Six Walks in Fictional Woods

Six lectures. like six walks with a fascinating companion who’s courteous, humorous gentle with the reader. He’s erudite, of course, but his insights come unforced and ‘natural’. Natural ‘talking’ as opposed to ‘articificial’ – one of the dyads he mentions in passing almost as a casual observation about fictional theory. The only demand he asks of his ‘model’ reader is attention 0 and, well, fascination. It feels inappropriate to say much about anything where Eco is concerned since he says it all so perfectly,  and I think no matter how nuanced the reading the nuances of the writing may well be missed. One could say must be missed, for the woods are not some well-ordered landscape manufacture but “Sacred…tangled and twisted like the forests of the Druids.” In any case, anything I or anybody else says about this or any other text is at best an interesting, or even useful, diagram but nothing like the richly experiential, one may – or may not – appeal to the noumenal – immersion within the woods, within the text. I’d say that if you only read one page of this book read the last one to see what ‘immersion’ and precision may mean.

There are interesting methods that can be learned for approaching fiction if one takes one refraction of Eco’s book, one thin layer, as a guide. I’ve suggested this in practice by glimpsing Dermot Healy through a few of the ways. In particular, the dyads of model reader and empirical reader, the use of a text and the interpretation of a text are seminal. I’ll be returning to the empirical reader as the substance of this post. Suffice it to say that the attention Eco requests from his reader is a requirement to realise the distinction between empirical usage of a text for whatsoever pleasure or other employment a reader may make, and a nuanced sensibility to a text (which does not, of course, exhaust a text’s possibilities: he has been returning to his beloved Sylvie year upon year).

Not surprisingly, another dyad is the fiction-truth twinship that wriggles, writhes, and spreads rhizomes throughout the woods – for I as empirical reader may, even as model reader, legitimately take with me on my walks not only my own memories but the collective memories of my ancestors including Deleuze or whomsoever. There is a type of mainly male psyche which I shall be looking at in a later review of A Goat’s Song which is angrily opposed to ‘mere fiction’ and thereby an unconscious victim to the personal and cultural fictional narratives that effect subjectivity (including, a point Eco makes merely in passing, the subjective narrative of continuing self). As Eco’s lecture series reaches its final point, the fact that a knowledge of narrativity is absent moves from being innocent to being deadly serious.

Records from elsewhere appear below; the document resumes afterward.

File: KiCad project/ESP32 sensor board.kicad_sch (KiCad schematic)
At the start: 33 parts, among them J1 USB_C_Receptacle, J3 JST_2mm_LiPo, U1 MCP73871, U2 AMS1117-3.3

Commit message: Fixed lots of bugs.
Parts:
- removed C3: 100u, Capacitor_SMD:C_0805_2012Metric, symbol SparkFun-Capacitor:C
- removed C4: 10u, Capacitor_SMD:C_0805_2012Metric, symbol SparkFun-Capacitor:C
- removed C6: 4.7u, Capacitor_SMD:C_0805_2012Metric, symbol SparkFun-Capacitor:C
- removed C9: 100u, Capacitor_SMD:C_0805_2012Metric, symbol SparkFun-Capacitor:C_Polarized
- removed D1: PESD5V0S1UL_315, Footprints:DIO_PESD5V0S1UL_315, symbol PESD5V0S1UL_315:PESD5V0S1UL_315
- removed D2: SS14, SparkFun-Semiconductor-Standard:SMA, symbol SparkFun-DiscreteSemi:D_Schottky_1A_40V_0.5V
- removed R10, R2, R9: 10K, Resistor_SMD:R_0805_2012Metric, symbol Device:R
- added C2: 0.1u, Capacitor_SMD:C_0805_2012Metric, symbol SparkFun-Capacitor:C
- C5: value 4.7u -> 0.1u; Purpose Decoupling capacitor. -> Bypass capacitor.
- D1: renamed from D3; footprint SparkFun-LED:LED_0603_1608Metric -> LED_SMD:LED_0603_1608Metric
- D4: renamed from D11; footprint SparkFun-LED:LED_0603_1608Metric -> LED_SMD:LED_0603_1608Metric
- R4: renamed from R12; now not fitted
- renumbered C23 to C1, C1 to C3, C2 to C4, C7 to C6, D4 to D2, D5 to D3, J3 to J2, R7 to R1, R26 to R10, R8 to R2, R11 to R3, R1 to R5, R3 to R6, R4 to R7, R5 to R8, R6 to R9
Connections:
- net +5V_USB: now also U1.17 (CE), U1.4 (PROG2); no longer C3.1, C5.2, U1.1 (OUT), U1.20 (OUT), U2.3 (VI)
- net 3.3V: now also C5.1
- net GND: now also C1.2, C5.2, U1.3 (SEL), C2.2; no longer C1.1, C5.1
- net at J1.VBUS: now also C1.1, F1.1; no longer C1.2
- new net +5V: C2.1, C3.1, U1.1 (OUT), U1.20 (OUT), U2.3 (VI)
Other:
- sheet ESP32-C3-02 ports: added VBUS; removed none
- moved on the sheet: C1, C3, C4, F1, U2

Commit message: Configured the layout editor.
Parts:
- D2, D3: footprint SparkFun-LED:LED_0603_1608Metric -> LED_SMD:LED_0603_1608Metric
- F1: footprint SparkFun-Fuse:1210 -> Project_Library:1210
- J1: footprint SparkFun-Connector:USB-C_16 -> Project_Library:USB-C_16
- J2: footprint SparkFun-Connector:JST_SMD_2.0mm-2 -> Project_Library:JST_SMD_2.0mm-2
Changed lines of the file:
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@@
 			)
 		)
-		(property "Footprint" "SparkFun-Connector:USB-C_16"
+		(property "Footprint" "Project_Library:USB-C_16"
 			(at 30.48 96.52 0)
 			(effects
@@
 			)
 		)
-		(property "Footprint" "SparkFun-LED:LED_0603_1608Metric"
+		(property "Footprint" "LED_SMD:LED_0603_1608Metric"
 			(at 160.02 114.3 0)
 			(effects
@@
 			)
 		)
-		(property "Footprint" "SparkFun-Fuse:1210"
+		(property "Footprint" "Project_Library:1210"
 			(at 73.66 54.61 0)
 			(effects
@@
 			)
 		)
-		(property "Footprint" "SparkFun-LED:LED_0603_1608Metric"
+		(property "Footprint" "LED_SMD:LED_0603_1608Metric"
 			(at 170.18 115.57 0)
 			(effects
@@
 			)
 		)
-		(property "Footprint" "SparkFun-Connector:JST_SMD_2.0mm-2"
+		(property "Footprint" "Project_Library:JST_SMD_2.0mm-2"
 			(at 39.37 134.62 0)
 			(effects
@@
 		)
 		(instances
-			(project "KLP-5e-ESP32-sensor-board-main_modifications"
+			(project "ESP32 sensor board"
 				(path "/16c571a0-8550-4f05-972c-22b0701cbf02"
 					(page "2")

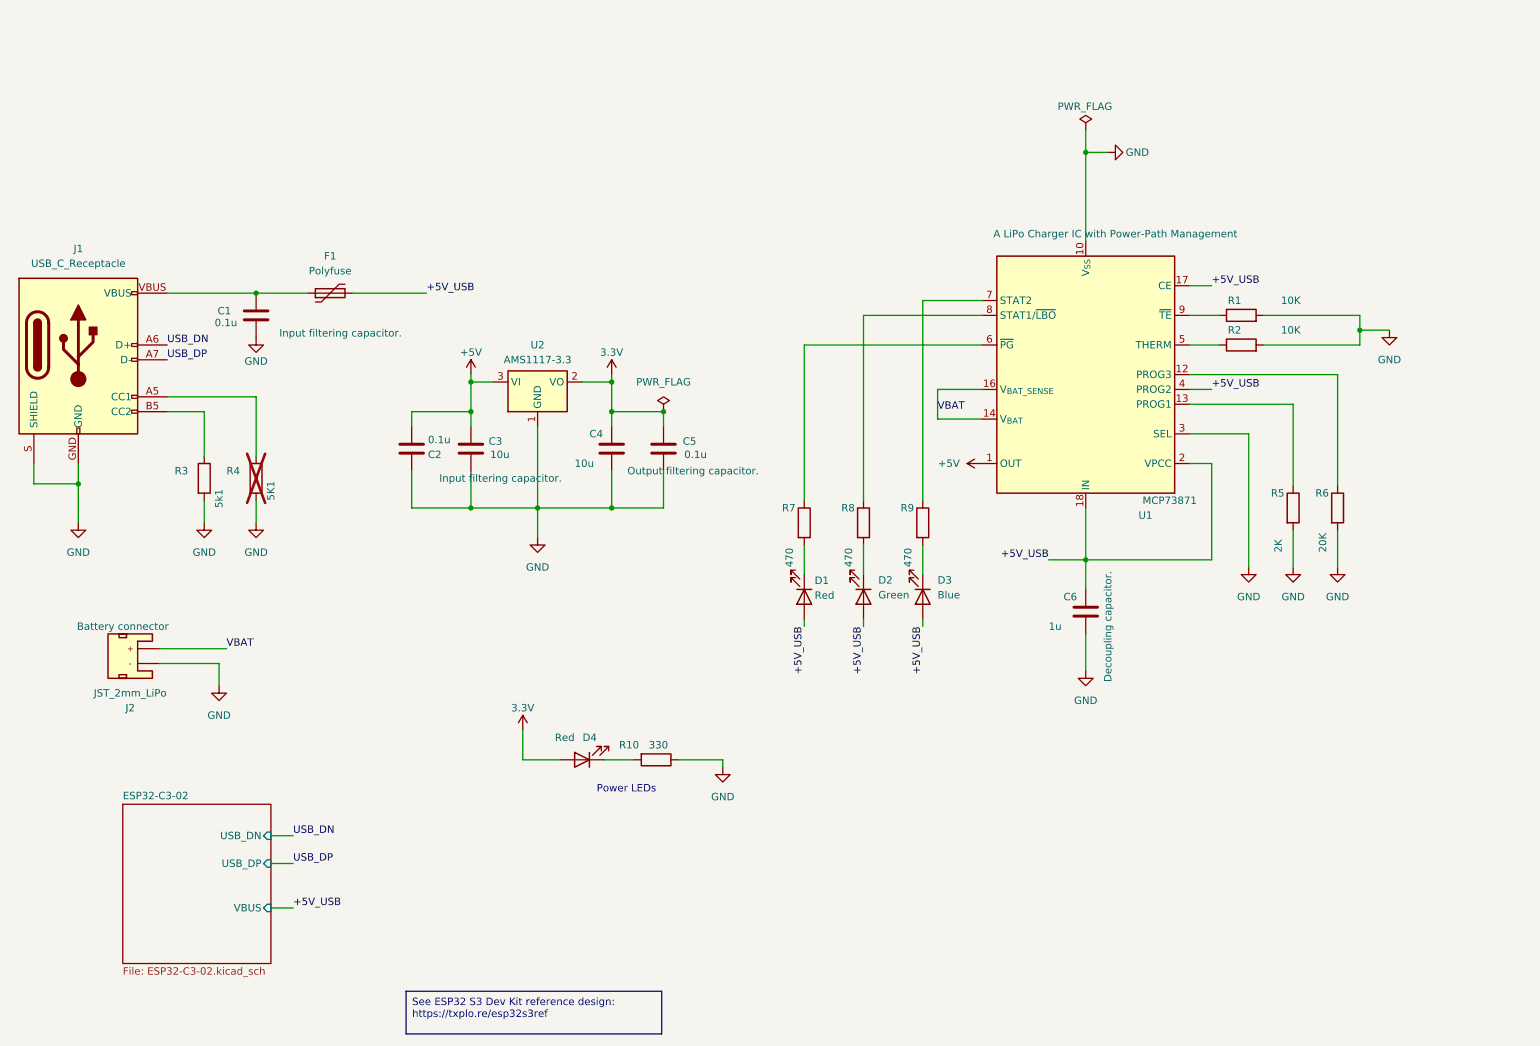
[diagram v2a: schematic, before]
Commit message: Trying routing, layout, and changed USB and battery connectors.
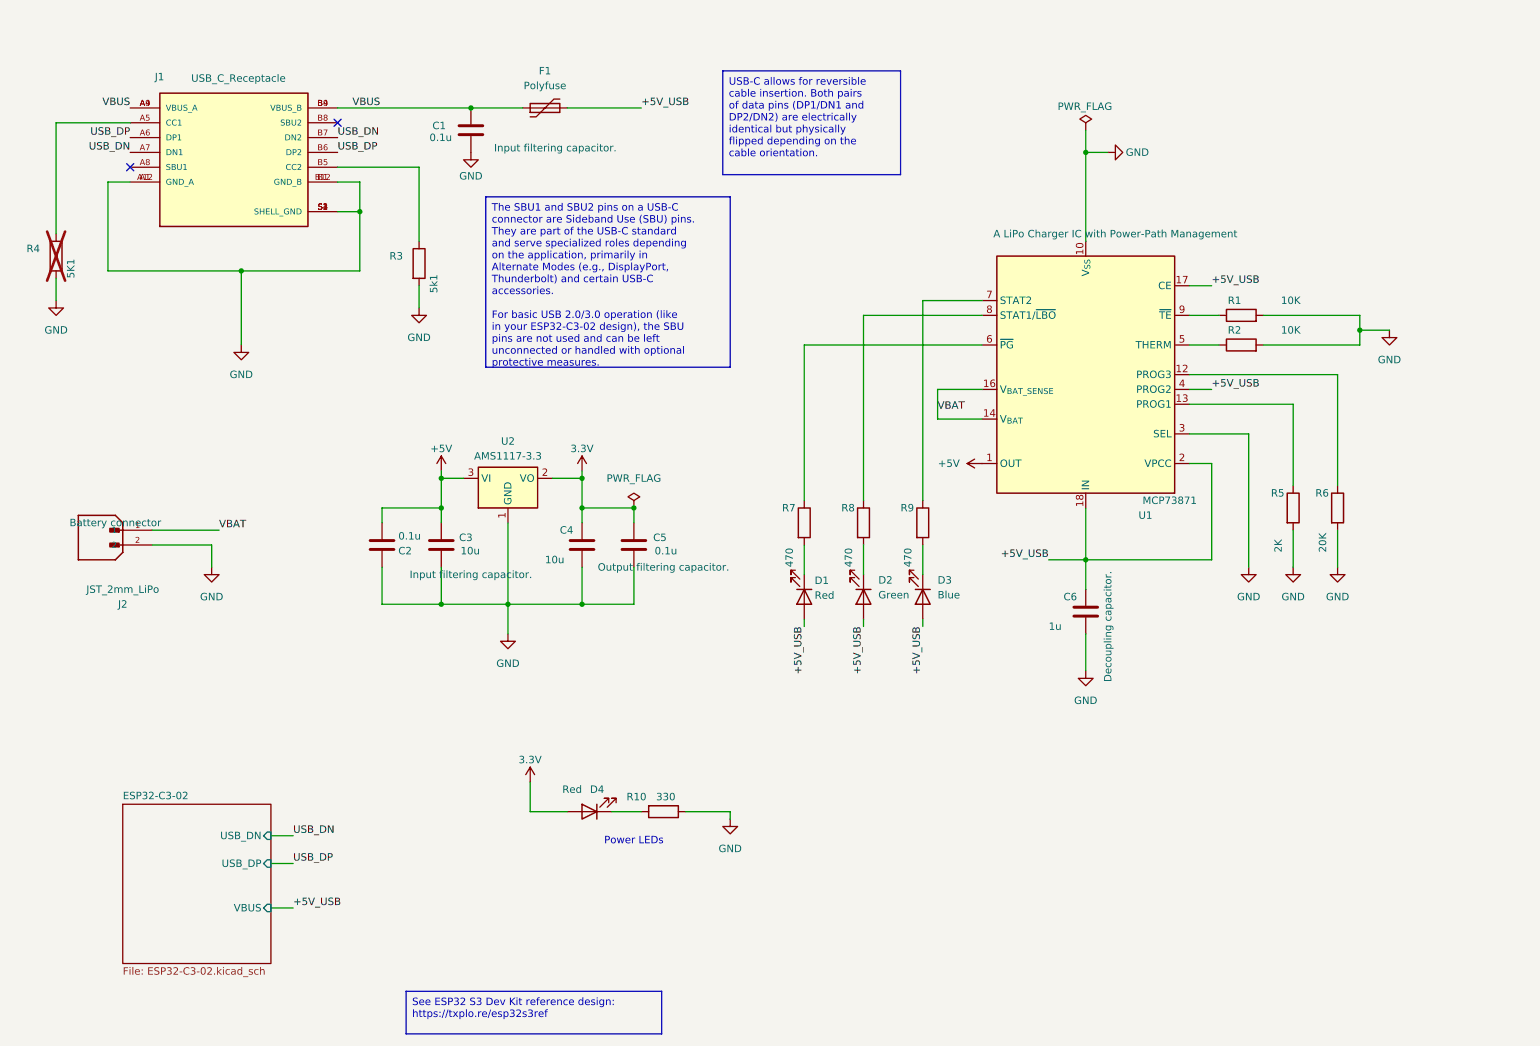
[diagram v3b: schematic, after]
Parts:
- J1: footprint Project_Library:USB-C_16 -> Footprints:VALCON_CSP-USC16-TR; symbol SparkFun-Connector:USB_C_Receptacle -> CSP-USC16-TR:CSP-USC16-TR; Availability (none) -> In Stock; Check_prices (none) -> https://www.snapeda.com/parts/CSP-USC16-TR/Valcon/view-part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; Description_1 (none) -> CSP-USC16-TR Valcon USB Type C Surface Mount PCB Socket; MANUFACTURER (none) -> Valcon; MAXIMUM_PACKAGE_HEIGHT (none) -> 3.26 mm; MF (none) -> Valcon; MP (none) -> CSP-USC16-TR; PARTREV (none) -> A0; Package (none) -> None; Price (none) -> None; STANDARD (none) -> Manufacturer Recommendations; SnapEDA_Link (none) -> https://www.snapeda.com/parts/CSP-USC16-TR/Valcon/view-part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
- J2: footprint Project_Library:JST_SMD_2.0mm-2 -> Footprints:JST_B2B-PH-SM4-TB; symbol SparkFun-Connector:Conn_01x02_JST_2mm_LiPo -> B2B-PH-SM4-TB:B2B-PH-SM4-TB; Availability (none) -> In Stock; Check_prices (none) -> https://www.snapeda.com/parts/B2B-PH-SM4-TB/JST/view-part/?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; Description_1 (none) -> Connector Header Surface Mount 2 position 0.079 (2.00mm); MANUFACTURER (none) -> JST; MAXIMUM_PACKAGE_HEIGHT (none) -> 6.6 mm; MF (none) -> JST; MP (none) -> B2B-PH-SM4-TB; PARTREV (none) -> N/A; Package (none) -> NON STANDARD-2 JST; Price (none) -> None; STANDARD (none) -> Manufacturer Recommendations; SnapEDA_Link (none) -> https://www.snapeda.com/parts/B2B-PH-SM4-TB/JST/view-part/?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
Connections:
- net GND: now also J1.A1 (GND_A), J1.A12 (GND_A), J1.B1 (GND_B), J1.B12 (GND_B), J1.S1 (SHELL_GND), J1.S2 (SHELL_GND), J1.S3 (SHELL_GND), J1.S4 (SHELL_GND), J2.2; no longer J1.GND, J1.S (SHIELD), J2.1 (-)
- net USB_DN: now also J1.A7 (DN1), J1.B7 (DN2); no longer J1.A6 (D+), J1.B6 (D+)
- net USB_DP: now also J1.A6 (DP1), J1.B6 (DP2); no longer J1.A7 (D-), J1.B7 (D-)
- net VBAT: now also J2.1; no longer J2.2 (+)
- net VBUS: now reaches C1.1, F1.1
- net VBUS: now also J1.A4 (VBUS_A), J1.A9 (VBUS_A), J1.B4 (VBUS_B), J1.B9 (VBUS_B); no longer J1.VBUS
- no-connect marks 0 -> 2
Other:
- moved on the sheet: C1, C2, C3, C4, C5, D4, F1, R10, R3, R4, U2

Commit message: Replaced the button, USB, bat connector with new symbols and footprints. Completed draft layout and routing.
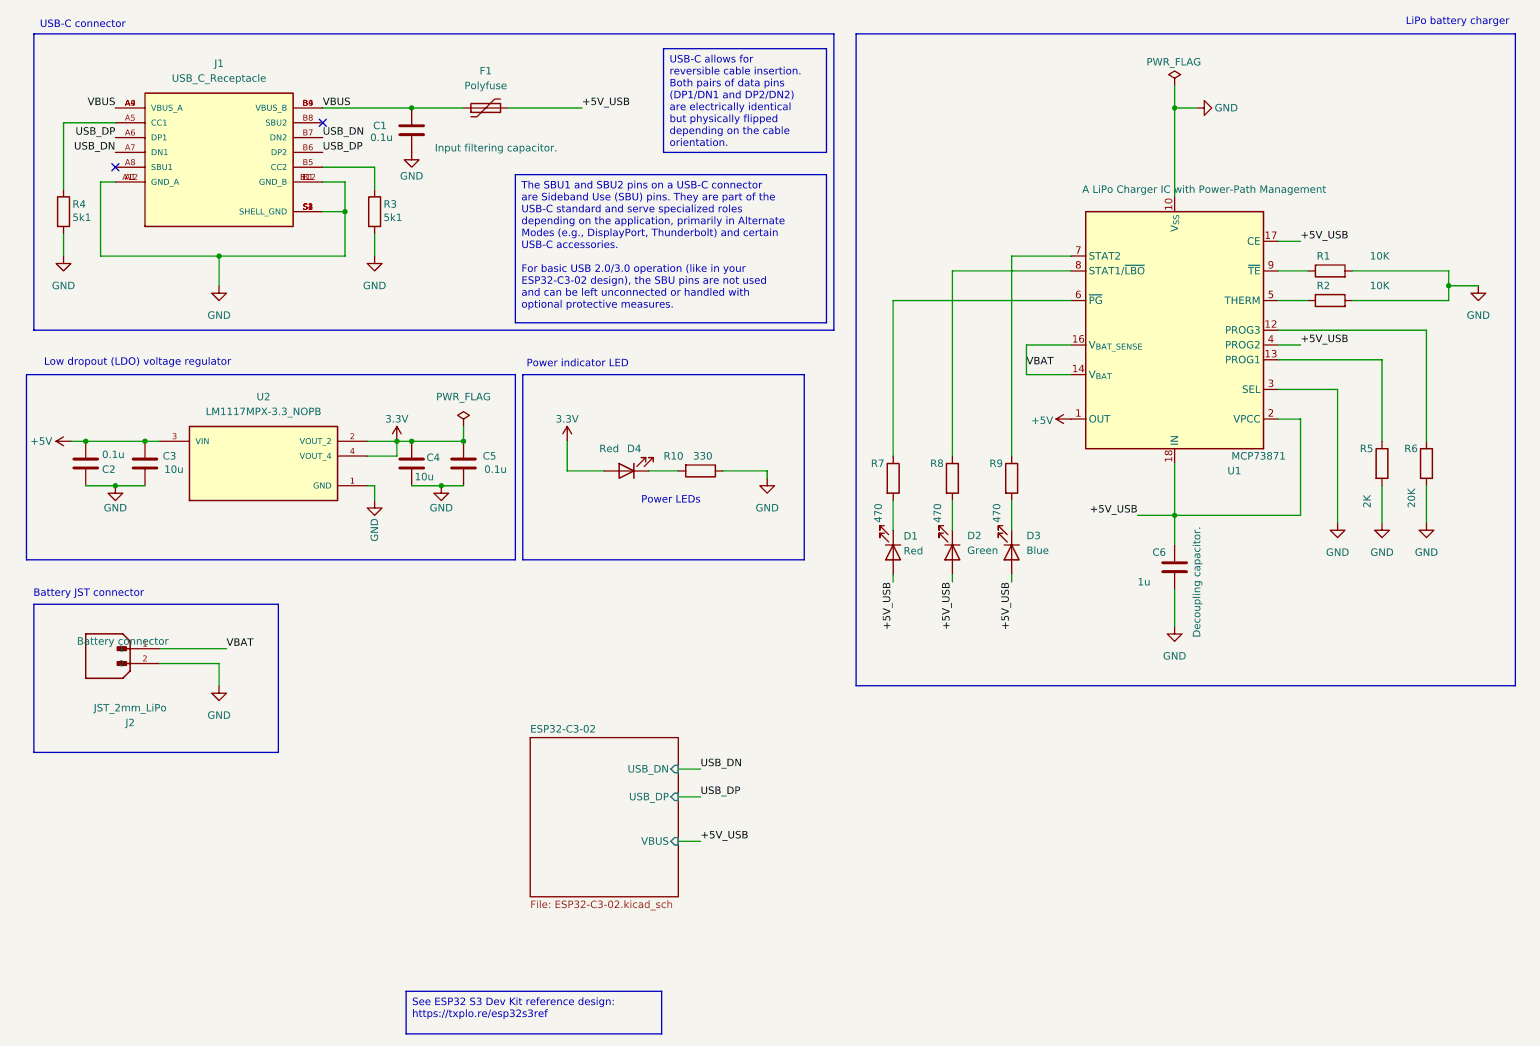
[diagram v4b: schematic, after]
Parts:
- removed U2: AMS1117-3.3, Package_TO_SOT_SMD:SOT-223-3_TabPin2, symbol Regulator_Linear:AMS1117-3.3
- added U2: LM1117MPX-3.3_NOPB, Footprints:VREG_LM1117MPX-3.3_NOPB, symbol LM1117MPX-3.3_NOPB:LM1117MPX-3.3_NOPB
- F1: footprint Project_Library:1210 -> Fuse:Fuse_1210_3225Metric
- J2: Manufacturer_Part_Number (none) -> ?
- R1, R10, R2, R3, R5, R6, R7, R8, R9: PACKAGE (none) -> 0805
- R4: value 5K1 -> 5k1; PACKAGE (none) -> 0805; now fitted
- U1: MANUFACTURER (none) -> Microchip; Manufacturer_Part_Number (none) -> MCP73871-4CCI/ML; PACKAGE (none) -> QFN-20
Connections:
- net +5V: now also U2.3 (VIN)
- net 3.3V: now also U2.2 (VOUT_2), U2.4 (VOUT_4)
- net GND: now also U2.1 (GND)
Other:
- note added: "Battery JST connector"
- note added: "LiPo battery charger"
- note added: "Low dropout (LDO) voltage regulator"
- note added: "Power indicator LED"
- note added: "USB-C connector"
- moved on the sheet: C1, C2, C3, C4, C5, C6, D1, D2, D3, D4, F1, J1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
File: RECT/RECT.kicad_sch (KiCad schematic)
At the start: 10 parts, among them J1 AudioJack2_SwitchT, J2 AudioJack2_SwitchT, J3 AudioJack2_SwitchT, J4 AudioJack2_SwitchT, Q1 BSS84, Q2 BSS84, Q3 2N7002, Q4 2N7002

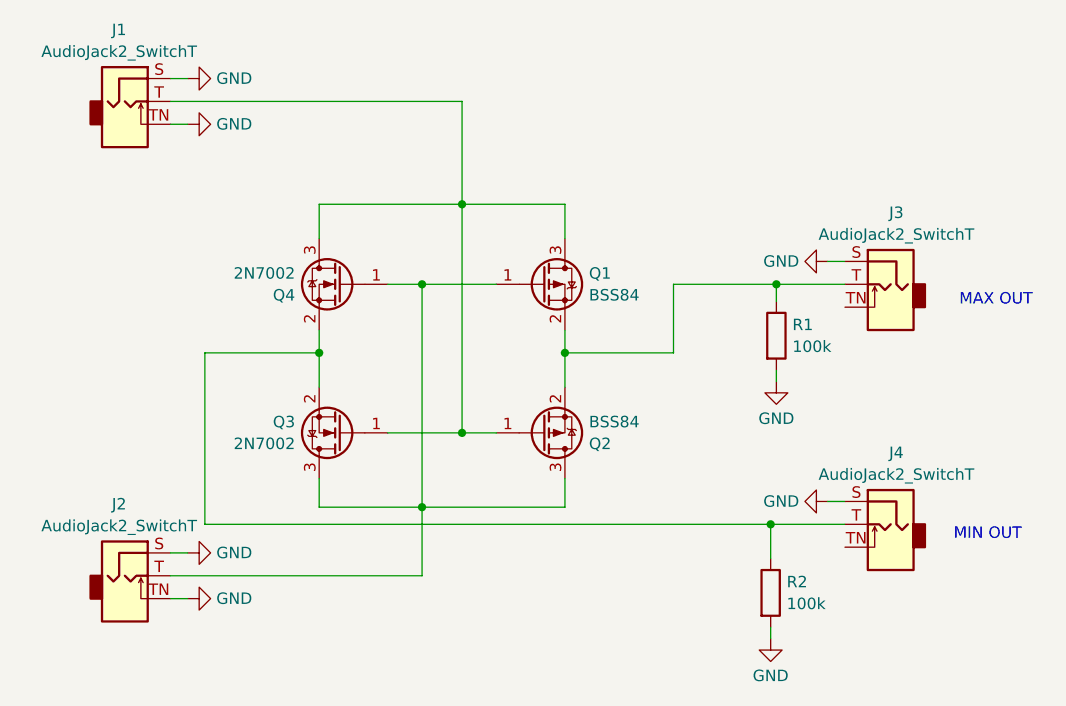
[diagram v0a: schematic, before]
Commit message: Increase impedance
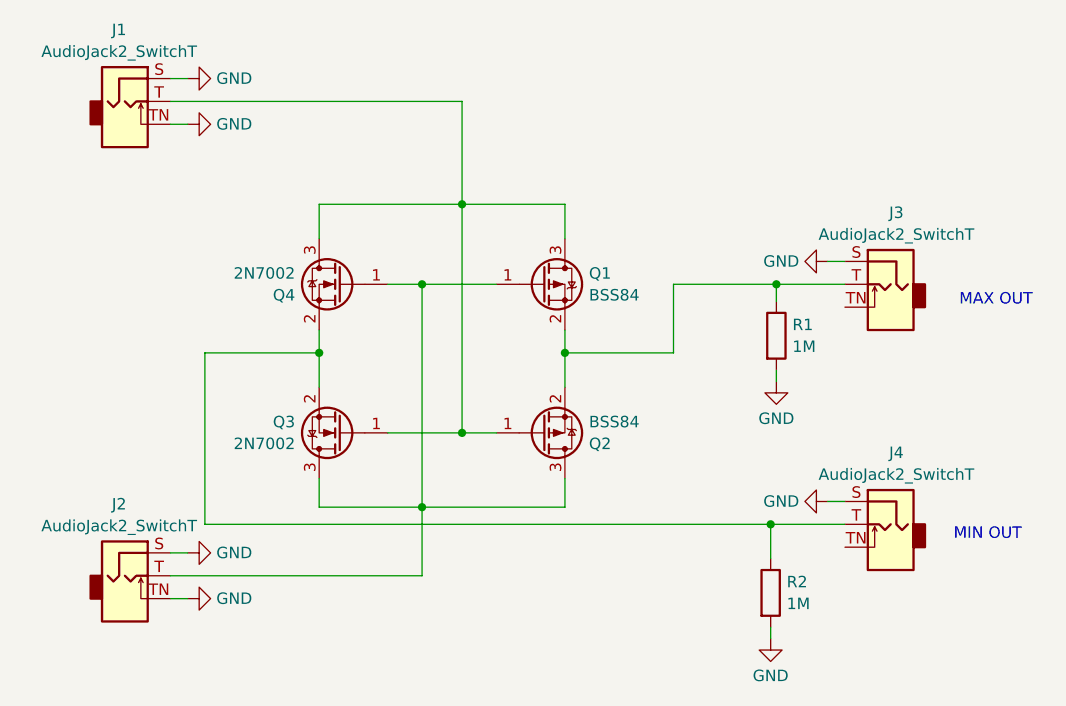
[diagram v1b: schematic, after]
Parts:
- R1, R2: value 100k -> 1M
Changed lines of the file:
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@@
       (effects (font (size 1.27 1.27)) (justify left))
     )
-    (property "Value" "100k" (at 158.623 108.5271 0)
+    (property "Value" "1M" (at 158.623 108.5271 0)
       (effects (font (size 1.27 1.27)) (justify left))
     )
@@
       (effects (font (size 1.27 1.27)) (justify left))
     )
-    (property "Value" "100k" (at 159.258 79.9521 0)
+    (property "Value" "1M" (at 159.258 79.9521 0)
       (effects (font (size 1.27 1.27)) (justify left))
     )

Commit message: Layout RECT
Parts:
- J1, J2, J3, J4: footprint (none) -> Custom_FP:PJ398SM
- R1, R2: footprint (none) -> Resistor_SMD:R_0603_1608Metric

In an early lecture he suggests that the ‘completion’ of narrative against the messiness and contradictoriness of the world was behind much of the appeal of fiction, myth (and, I think, by implication art generally, including poetry). I marked the passage in rather angry pencil; in my brain I etched cliche, and ‘depoliticised speech’. Yet as the series moved on it came as no surprise that Eco began by asking at the start of his final lecture whether the world could be read as fiction, and whether a ‘work’ of fiction could be constructed to represent the actual (non-neat narratological) mess of living. Swiftly moving through some interesting asides about language and theories of the semiotic-narrative (and I think he was resurrecting tthe possibility of looking again at the idea of grammar’s fundamental axis around activity, that each sentence is a story), he relates the dreadful history of the fictions-as-truths beginning with the Knights Templar of the fourteenth century, through the Rosicruceans, Scottish Freemasons, Jesuits, and all the other stuff – read it, it’s only a few pages – to that dreadful moment of protofascism beginning in nineteenth century France, informing Germany and with us still today in an ugly and terrifying antisemitism. This empirical reader sees fiction as too important to be ignored by the ideology of fact cataloguing.

It is good and human to move back the other way, to that innocence and beauty, the thrill of walking in the woods. We need consoling fictions too, the ones that are neat and well ordered, the way we would like life to be. It’s important too that we know the other end of the spectrum. Life is a struggle, it’s political  and ends with death. As Eco ends his sixth lecture: “..since life is cruel, for you and for me, here I am.”